[Exercise instructions]:
Only the lines from the one containing "#10688 = AXIS2_PLACEMENT_3D" through the one containing "#14081 = CARTESIAN_POINT" should be printed, exactly as they appear below, with both ends included.
'''
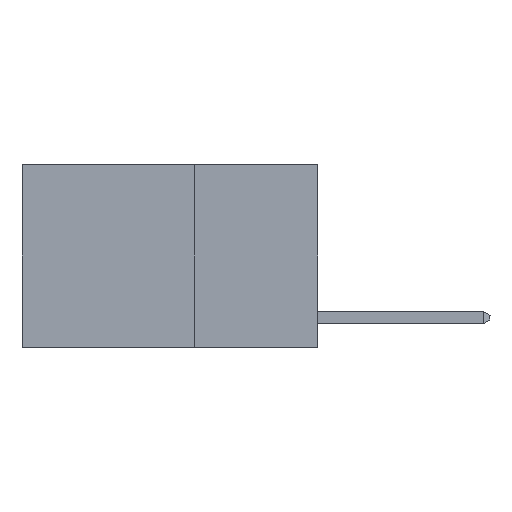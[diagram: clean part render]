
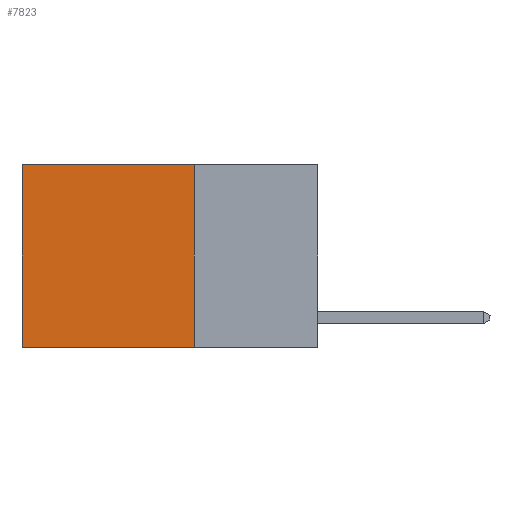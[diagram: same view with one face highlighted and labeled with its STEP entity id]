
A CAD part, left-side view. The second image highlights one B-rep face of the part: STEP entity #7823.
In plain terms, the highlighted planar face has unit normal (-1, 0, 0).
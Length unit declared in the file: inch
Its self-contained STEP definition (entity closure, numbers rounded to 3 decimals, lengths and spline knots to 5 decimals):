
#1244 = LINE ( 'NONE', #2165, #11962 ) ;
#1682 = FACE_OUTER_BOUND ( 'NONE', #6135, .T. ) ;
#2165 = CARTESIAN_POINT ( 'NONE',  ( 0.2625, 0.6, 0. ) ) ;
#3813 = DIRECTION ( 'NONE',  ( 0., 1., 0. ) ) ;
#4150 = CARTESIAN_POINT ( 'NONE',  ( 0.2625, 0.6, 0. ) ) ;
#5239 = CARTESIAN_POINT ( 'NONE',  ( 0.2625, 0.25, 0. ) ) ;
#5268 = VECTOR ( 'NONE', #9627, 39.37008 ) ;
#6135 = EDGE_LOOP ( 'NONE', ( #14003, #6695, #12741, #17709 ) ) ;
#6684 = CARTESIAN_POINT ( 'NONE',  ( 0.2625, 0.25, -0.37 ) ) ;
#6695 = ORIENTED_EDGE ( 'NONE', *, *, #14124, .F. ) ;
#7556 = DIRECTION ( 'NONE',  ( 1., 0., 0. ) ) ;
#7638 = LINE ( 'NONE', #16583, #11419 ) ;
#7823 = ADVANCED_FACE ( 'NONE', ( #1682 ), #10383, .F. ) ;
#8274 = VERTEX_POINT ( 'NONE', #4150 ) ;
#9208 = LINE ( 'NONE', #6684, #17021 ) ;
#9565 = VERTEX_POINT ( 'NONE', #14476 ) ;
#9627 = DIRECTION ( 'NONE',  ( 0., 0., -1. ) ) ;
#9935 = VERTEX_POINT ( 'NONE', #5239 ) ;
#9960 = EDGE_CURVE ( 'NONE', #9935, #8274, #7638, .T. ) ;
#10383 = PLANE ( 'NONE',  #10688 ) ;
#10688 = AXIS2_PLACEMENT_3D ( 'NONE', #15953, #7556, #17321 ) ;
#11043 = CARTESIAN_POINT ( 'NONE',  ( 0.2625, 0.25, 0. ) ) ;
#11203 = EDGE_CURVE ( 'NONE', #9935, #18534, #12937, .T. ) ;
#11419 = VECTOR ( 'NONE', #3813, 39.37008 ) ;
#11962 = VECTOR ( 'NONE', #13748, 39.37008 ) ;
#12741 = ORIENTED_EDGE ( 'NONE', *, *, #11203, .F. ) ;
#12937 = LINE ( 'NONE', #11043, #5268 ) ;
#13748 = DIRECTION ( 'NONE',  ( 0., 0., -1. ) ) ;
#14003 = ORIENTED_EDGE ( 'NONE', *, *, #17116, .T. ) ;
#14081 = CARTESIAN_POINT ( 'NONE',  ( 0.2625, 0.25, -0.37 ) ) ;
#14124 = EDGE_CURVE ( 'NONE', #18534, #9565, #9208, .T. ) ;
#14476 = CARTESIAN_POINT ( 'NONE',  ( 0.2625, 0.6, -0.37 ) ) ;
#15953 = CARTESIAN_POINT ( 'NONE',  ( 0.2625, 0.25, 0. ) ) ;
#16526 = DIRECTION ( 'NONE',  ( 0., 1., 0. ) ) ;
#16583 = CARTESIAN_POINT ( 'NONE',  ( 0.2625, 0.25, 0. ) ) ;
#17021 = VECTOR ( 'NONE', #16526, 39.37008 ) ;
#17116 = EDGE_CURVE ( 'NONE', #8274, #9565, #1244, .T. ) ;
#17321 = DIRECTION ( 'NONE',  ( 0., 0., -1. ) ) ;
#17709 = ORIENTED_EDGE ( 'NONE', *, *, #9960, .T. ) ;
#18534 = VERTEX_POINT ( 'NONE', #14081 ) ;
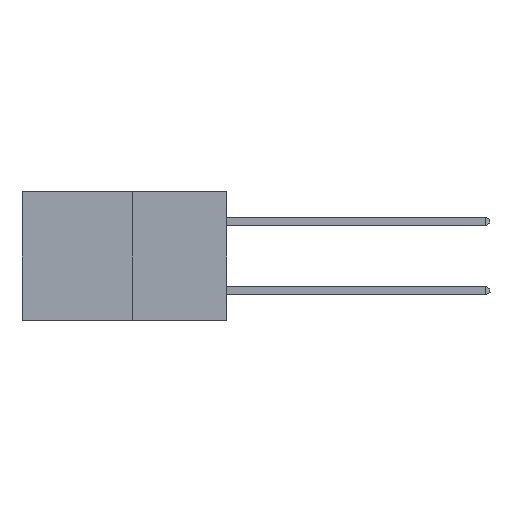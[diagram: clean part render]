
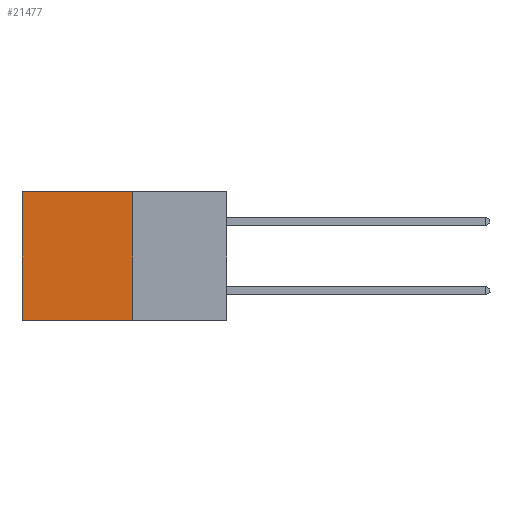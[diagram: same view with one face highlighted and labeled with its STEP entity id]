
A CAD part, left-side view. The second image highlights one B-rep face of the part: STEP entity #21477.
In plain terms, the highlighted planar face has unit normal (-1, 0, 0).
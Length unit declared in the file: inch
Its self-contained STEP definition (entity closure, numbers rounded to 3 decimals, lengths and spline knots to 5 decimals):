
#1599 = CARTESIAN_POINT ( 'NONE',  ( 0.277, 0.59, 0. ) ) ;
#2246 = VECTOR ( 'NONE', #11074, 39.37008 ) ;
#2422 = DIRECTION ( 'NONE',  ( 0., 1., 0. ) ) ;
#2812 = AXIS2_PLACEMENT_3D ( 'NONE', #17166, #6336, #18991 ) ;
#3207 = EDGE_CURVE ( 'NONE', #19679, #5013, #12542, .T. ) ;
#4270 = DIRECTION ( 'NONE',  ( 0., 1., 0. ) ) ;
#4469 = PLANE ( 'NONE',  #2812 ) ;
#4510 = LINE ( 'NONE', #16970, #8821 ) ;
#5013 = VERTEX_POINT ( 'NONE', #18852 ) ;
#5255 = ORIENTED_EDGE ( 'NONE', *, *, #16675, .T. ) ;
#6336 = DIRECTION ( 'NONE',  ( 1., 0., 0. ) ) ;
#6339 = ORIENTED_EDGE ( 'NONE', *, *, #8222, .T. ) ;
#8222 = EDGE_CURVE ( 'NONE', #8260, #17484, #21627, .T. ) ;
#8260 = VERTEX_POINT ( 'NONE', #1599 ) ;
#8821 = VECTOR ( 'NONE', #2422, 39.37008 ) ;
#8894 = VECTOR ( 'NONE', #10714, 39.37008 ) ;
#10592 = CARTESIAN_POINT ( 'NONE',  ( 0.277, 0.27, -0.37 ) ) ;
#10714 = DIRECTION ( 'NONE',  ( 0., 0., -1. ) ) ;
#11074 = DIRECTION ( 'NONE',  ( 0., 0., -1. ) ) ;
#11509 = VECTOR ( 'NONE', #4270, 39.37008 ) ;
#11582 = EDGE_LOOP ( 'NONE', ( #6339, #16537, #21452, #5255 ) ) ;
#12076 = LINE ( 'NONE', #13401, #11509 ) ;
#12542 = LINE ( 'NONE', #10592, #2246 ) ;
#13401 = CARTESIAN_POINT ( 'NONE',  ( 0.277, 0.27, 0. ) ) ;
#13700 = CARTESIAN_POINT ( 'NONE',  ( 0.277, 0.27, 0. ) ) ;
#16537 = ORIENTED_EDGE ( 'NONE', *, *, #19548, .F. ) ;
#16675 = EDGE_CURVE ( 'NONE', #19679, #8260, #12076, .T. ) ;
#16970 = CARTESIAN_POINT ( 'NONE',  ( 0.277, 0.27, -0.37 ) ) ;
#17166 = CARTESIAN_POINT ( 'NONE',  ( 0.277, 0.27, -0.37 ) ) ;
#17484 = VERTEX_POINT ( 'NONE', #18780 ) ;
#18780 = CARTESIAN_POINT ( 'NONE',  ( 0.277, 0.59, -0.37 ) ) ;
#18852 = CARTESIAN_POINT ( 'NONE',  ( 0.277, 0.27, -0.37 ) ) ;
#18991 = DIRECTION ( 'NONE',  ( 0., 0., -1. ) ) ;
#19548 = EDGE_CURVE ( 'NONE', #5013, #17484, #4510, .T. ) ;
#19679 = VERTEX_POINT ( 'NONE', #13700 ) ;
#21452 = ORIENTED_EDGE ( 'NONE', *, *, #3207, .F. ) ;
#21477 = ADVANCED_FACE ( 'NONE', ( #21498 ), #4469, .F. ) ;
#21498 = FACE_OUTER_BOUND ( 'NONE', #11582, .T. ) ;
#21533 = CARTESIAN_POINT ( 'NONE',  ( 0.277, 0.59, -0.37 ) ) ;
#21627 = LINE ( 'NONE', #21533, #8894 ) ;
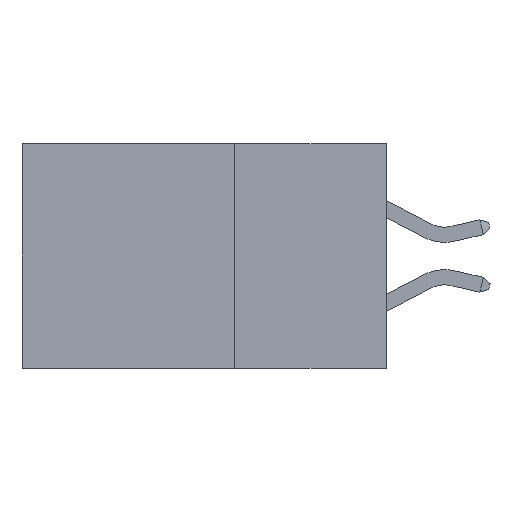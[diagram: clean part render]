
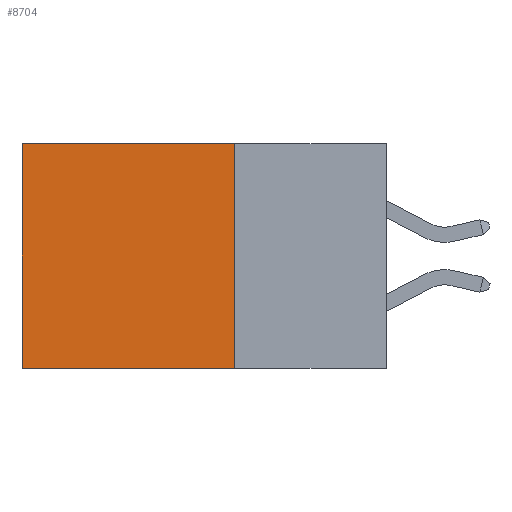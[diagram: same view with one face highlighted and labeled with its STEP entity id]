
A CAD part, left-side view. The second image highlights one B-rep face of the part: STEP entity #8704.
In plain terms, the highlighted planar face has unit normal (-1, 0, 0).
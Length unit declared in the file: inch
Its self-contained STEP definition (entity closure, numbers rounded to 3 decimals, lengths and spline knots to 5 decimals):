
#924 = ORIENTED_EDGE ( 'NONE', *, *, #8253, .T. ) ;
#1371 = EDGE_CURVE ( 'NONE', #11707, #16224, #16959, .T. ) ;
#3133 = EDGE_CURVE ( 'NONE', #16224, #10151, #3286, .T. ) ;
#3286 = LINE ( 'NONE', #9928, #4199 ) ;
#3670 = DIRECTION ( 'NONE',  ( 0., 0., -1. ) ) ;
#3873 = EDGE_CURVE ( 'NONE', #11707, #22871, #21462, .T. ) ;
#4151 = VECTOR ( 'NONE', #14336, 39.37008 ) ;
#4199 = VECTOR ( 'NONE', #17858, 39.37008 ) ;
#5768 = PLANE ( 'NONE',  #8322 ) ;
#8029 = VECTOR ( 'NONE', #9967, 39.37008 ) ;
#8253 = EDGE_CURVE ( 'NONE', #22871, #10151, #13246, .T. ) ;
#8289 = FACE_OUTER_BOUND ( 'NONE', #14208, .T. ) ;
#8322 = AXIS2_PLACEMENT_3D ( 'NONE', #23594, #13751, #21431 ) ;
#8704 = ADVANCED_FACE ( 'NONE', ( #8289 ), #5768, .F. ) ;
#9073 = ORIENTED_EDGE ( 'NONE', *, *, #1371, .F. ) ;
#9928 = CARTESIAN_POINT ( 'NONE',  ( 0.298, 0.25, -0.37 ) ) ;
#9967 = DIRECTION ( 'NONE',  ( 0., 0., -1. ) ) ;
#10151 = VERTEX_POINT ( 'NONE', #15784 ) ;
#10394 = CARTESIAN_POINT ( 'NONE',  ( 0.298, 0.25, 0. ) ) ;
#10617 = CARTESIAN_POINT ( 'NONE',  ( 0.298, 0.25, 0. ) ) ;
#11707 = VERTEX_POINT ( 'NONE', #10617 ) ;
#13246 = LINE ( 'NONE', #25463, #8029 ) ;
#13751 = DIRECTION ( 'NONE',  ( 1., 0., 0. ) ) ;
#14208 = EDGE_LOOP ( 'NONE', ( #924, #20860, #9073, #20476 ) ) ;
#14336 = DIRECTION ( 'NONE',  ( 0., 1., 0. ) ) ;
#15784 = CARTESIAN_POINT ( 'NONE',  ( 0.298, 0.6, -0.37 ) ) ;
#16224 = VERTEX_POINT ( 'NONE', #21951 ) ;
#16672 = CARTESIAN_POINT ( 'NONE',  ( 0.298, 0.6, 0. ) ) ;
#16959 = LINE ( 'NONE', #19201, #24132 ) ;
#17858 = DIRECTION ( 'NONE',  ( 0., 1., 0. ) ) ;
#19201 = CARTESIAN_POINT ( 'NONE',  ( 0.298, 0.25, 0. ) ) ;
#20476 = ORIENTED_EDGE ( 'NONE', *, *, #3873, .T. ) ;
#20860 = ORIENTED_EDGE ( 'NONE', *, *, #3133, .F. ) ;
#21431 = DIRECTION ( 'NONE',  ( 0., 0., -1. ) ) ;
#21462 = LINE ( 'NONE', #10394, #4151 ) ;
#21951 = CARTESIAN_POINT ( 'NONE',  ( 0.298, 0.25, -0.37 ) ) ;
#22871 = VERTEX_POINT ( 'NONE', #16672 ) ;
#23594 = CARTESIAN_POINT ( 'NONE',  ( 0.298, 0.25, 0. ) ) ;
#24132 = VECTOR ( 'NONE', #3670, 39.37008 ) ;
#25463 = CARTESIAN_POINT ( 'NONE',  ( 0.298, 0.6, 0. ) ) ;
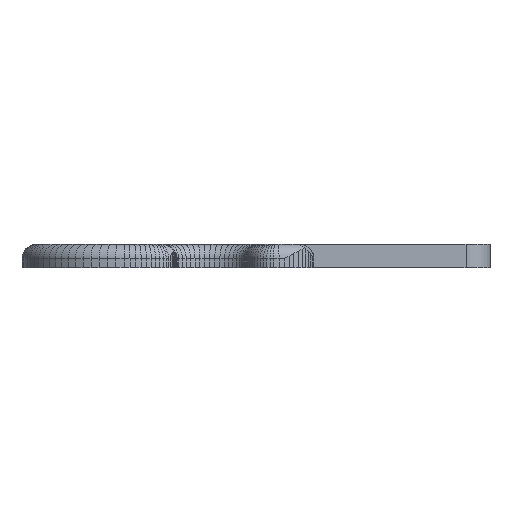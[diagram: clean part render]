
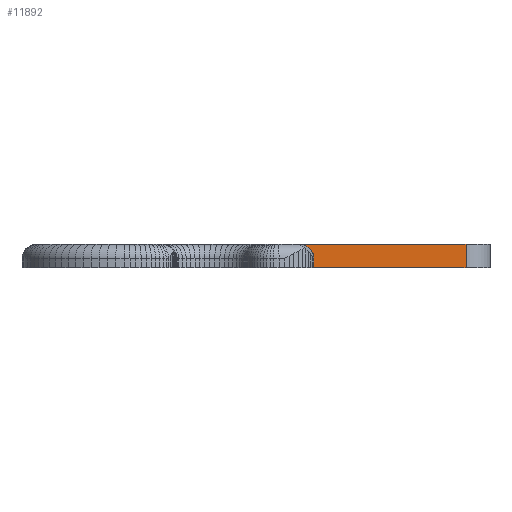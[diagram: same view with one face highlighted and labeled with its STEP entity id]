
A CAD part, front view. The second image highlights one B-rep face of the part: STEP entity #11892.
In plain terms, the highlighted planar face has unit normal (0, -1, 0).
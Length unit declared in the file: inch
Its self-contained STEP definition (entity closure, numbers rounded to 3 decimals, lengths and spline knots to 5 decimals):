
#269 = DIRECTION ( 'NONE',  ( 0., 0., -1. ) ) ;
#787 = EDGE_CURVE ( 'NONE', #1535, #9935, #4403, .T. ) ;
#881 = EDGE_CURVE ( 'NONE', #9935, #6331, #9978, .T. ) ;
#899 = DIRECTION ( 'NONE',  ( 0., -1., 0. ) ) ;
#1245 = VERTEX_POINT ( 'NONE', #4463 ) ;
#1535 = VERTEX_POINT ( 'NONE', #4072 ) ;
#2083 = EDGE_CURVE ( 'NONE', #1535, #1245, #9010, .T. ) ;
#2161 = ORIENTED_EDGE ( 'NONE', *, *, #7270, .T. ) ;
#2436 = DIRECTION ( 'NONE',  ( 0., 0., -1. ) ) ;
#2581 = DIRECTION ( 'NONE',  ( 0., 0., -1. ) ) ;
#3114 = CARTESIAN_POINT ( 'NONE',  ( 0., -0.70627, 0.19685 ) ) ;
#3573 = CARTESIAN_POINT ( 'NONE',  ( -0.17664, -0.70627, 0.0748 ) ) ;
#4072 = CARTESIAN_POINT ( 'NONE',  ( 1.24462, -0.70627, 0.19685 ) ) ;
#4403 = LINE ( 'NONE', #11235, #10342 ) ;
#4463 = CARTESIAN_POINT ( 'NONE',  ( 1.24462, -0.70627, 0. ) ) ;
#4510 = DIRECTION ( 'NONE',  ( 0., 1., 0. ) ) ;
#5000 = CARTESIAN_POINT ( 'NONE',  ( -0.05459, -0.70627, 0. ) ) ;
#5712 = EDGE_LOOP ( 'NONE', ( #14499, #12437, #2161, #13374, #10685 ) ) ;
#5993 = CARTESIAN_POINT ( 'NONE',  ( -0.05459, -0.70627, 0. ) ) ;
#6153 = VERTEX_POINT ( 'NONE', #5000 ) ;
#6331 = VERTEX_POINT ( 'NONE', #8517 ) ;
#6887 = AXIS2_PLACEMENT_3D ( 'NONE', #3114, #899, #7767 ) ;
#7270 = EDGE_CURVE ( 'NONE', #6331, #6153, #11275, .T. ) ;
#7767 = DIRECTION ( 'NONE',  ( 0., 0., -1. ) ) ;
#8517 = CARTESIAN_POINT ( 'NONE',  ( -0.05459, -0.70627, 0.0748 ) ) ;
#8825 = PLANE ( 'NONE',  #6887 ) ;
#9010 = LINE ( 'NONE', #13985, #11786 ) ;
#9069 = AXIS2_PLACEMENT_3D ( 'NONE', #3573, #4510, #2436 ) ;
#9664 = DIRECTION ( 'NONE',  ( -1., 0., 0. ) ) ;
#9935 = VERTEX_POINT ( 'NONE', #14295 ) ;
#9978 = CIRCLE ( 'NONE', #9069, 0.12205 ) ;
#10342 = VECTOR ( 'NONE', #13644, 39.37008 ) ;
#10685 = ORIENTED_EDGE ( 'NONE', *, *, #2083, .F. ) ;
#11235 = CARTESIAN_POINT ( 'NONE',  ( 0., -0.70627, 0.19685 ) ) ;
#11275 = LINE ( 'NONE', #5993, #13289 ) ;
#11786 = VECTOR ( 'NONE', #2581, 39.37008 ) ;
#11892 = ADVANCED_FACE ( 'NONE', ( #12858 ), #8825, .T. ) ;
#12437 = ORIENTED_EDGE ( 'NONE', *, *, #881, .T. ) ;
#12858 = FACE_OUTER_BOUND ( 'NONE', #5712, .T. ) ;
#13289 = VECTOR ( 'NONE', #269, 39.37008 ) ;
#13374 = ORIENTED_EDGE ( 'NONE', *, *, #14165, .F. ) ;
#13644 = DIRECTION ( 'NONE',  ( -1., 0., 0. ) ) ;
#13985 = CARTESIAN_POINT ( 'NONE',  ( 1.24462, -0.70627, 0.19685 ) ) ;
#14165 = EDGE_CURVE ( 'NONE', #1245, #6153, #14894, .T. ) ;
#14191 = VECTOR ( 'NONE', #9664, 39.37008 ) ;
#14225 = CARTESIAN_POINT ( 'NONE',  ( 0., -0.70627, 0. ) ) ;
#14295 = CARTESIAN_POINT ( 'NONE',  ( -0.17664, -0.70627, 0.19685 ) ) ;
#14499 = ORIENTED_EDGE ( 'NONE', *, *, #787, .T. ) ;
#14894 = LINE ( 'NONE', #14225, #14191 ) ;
'''
[Final answer]:
#10688 = AXIS2_PLACEMENT_3D ( 'NONE', #15953, #7556, #17321 ) ;
#11043 = CARTESIAN_POINT ( 'NONE',  ( 0.2625, 0.25, 0. ) ) ;
#11203 = EDGE_CURVE ( 'NONE', #9935, #18534, #12937, .T. ) ;
#11419 = VECTOR ( 'NONE', #3813, 39.37008 ) ;
#11962 = VECTOR ( 'NONE', #13748, 39.37008 ) ;
#12741 = ORIENTED_EDGE ( 'NONE', *, *, #11203, .F. ) ;
#12937 = LINE ( 'NONE', #11043, #5268 ) ;
#13748 = DIRECTION ( 'NONE',  ( 0., 0., -1. ) ) ;
#14003 = ORIENTED_EDGE ( 'NONE', *, *, #17116, .T. ) ;
#14081 = CARTESIAN_POINT ( 'NONE',  ( 0.2625, 0.25, -0.37 ) ) ;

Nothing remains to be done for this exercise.